What is ‘Gen V Cyber Security’?

You may have talk about the idea that we are now entering a ‘fifth generation’, or ‘Gen V’, of cyber security. You may have wondered what that means, what the previous four generations were and which generation of attacks your organisation’s current security practices are sufficient to defend against.

The ‘Gen V’ idea comes from a presentation delivered by Gil Shwed, founder and CEO of Israeli security company Check Point Software, back at the start of 2018, which was followed by a report and white paper. Shwed argued that the unprecedentedly damaging WannaCry and NotPetya attacks of 2017—which primarily targeted the NHS and Ukraine, respectively—were not one-offs or ‘thousand-year floods’. Instead, they were the opening salvoes of the next generation of cyber threats.

What were the last four generations? Per Shwed, Gen I (late 1980s) refers to attacks against stand-alone PCs. Gen II (mid-1990s) added the risk of attacks from the Internet. Gen III (early 2000s) introduced the exploitation of vulnerabilities found in Internet-connected applications. Gen IV (2010–2017) saw cybercriminals respond to the development of better malware detection methods with polymorphic malware—that is, malware which tries to hide itself from automated detection tools, perhaps inside a Word document or by obfuscating its code.

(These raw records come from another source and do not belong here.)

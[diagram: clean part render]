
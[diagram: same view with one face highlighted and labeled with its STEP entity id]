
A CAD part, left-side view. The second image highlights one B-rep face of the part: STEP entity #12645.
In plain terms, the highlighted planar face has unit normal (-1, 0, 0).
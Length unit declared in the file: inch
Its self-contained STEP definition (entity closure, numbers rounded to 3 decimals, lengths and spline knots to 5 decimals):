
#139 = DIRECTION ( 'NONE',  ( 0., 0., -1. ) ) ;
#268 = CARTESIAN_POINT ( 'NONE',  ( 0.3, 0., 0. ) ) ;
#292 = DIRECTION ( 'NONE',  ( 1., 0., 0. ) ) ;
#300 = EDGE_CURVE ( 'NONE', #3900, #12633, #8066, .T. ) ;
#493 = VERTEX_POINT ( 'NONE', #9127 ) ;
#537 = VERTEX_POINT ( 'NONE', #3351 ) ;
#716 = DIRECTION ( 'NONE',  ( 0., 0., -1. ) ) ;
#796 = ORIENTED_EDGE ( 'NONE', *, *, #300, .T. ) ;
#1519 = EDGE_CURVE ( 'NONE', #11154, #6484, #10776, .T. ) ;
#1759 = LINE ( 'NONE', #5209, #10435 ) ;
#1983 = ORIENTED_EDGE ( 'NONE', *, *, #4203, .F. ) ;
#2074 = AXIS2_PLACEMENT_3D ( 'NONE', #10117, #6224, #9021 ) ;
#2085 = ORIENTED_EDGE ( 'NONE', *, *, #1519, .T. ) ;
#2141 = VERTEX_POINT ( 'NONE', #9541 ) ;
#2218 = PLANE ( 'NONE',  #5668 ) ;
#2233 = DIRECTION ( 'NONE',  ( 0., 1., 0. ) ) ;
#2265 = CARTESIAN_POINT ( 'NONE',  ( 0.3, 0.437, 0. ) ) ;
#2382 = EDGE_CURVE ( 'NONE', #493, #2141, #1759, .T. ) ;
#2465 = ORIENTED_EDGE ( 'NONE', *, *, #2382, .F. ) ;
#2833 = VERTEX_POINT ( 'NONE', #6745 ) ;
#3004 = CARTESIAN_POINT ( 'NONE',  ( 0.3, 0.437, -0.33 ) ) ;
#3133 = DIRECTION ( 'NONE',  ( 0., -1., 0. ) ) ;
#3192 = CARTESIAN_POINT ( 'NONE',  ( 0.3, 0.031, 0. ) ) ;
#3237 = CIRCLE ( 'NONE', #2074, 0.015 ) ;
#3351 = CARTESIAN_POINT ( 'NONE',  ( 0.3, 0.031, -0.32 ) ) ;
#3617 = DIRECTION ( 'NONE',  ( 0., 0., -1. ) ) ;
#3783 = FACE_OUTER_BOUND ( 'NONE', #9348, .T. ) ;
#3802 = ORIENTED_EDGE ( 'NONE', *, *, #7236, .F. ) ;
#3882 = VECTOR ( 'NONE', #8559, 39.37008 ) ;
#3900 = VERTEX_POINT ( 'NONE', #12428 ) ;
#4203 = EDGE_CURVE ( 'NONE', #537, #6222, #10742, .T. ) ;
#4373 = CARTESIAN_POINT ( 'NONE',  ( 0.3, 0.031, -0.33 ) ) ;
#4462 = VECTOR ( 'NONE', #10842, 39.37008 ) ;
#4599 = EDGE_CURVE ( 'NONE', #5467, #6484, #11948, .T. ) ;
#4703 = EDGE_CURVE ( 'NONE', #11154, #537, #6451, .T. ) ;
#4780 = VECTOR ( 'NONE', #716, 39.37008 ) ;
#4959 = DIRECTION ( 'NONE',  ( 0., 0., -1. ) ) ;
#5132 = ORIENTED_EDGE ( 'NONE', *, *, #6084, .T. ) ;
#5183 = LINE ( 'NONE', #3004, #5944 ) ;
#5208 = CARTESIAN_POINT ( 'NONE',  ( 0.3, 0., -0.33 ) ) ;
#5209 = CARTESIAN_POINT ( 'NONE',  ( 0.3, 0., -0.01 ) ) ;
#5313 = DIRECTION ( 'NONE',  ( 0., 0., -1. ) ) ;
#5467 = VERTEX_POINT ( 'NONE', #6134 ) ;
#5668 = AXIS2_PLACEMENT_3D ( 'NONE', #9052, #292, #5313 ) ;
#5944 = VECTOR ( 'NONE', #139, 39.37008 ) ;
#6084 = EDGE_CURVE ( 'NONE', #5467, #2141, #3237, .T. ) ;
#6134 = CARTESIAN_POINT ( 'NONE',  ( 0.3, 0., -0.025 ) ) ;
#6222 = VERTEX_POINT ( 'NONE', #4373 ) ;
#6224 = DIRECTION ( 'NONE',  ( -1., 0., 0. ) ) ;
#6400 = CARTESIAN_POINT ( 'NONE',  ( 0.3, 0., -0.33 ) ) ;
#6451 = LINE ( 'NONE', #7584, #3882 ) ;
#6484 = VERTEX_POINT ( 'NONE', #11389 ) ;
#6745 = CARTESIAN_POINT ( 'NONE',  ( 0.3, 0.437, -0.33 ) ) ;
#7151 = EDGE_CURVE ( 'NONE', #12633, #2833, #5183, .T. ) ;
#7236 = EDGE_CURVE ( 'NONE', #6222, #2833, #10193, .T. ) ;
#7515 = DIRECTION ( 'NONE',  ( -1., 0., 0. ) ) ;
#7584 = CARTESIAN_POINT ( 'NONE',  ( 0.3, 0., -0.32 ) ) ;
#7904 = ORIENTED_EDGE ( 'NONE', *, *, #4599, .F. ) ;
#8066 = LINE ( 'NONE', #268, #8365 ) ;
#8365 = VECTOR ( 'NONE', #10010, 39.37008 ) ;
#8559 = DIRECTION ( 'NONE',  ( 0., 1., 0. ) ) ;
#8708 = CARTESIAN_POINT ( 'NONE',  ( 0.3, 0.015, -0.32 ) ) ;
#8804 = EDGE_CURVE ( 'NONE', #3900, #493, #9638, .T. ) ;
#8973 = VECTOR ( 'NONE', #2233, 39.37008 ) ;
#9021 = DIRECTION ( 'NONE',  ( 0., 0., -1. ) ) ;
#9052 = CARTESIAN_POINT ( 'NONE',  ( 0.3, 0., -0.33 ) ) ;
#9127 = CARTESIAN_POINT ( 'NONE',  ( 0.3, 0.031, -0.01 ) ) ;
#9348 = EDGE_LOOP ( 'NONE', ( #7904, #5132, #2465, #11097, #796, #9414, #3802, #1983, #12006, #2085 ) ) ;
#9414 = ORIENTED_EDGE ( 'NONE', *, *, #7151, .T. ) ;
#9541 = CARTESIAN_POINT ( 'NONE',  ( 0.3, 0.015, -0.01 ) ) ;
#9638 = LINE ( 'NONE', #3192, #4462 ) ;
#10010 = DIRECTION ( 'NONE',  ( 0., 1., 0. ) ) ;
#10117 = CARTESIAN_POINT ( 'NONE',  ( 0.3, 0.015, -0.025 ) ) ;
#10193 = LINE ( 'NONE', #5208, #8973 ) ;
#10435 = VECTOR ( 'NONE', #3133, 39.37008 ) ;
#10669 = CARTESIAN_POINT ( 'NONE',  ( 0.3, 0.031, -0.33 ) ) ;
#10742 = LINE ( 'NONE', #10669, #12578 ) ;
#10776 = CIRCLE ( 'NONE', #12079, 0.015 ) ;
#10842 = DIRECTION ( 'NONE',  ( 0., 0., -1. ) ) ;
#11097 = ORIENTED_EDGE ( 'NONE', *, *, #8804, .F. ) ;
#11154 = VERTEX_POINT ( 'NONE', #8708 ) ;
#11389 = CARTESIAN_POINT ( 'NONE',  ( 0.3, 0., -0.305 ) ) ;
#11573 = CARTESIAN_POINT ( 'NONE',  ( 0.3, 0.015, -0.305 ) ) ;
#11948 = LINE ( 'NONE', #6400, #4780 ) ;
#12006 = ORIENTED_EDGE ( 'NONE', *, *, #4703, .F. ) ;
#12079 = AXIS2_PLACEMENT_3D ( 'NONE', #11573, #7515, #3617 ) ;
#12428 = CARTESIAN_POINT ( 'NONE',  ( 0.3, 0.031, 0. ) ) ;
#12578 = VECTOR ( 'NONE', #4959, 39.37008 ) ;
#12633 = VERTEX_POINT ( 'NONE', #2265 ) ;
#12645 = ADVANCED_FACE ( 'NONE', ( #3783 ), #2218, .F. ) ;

Fending off each generation’s threats require an expanding toolset. An anti-virus was enough in Gen I, a firewall in Gen II and an intrusion prevention system (IPS) in Gen III, but by Gen IV anything less than sandboxing and anti-bot protections would leave your systems vulnerable. As you might expect, the proportion of businesses with the relevant protections decreases with each subsequent generation—Shwed claims that 100% of the 443 surveyed had anti-virus software installed, whilst only 7% implemented sandboxing.*

What is Gen V? This is the era of the large scale and multi-vector ‘mega attack’, incorporating ‘state-sponsored technologies’ and covering multiple countries and industries. How can you defend yourself against these threats? As Shwed suggests, the solution is ‘real-time threat prevention technologies’ across all devices and systems paired with robust threat intelligence and ‘the best security technologies’.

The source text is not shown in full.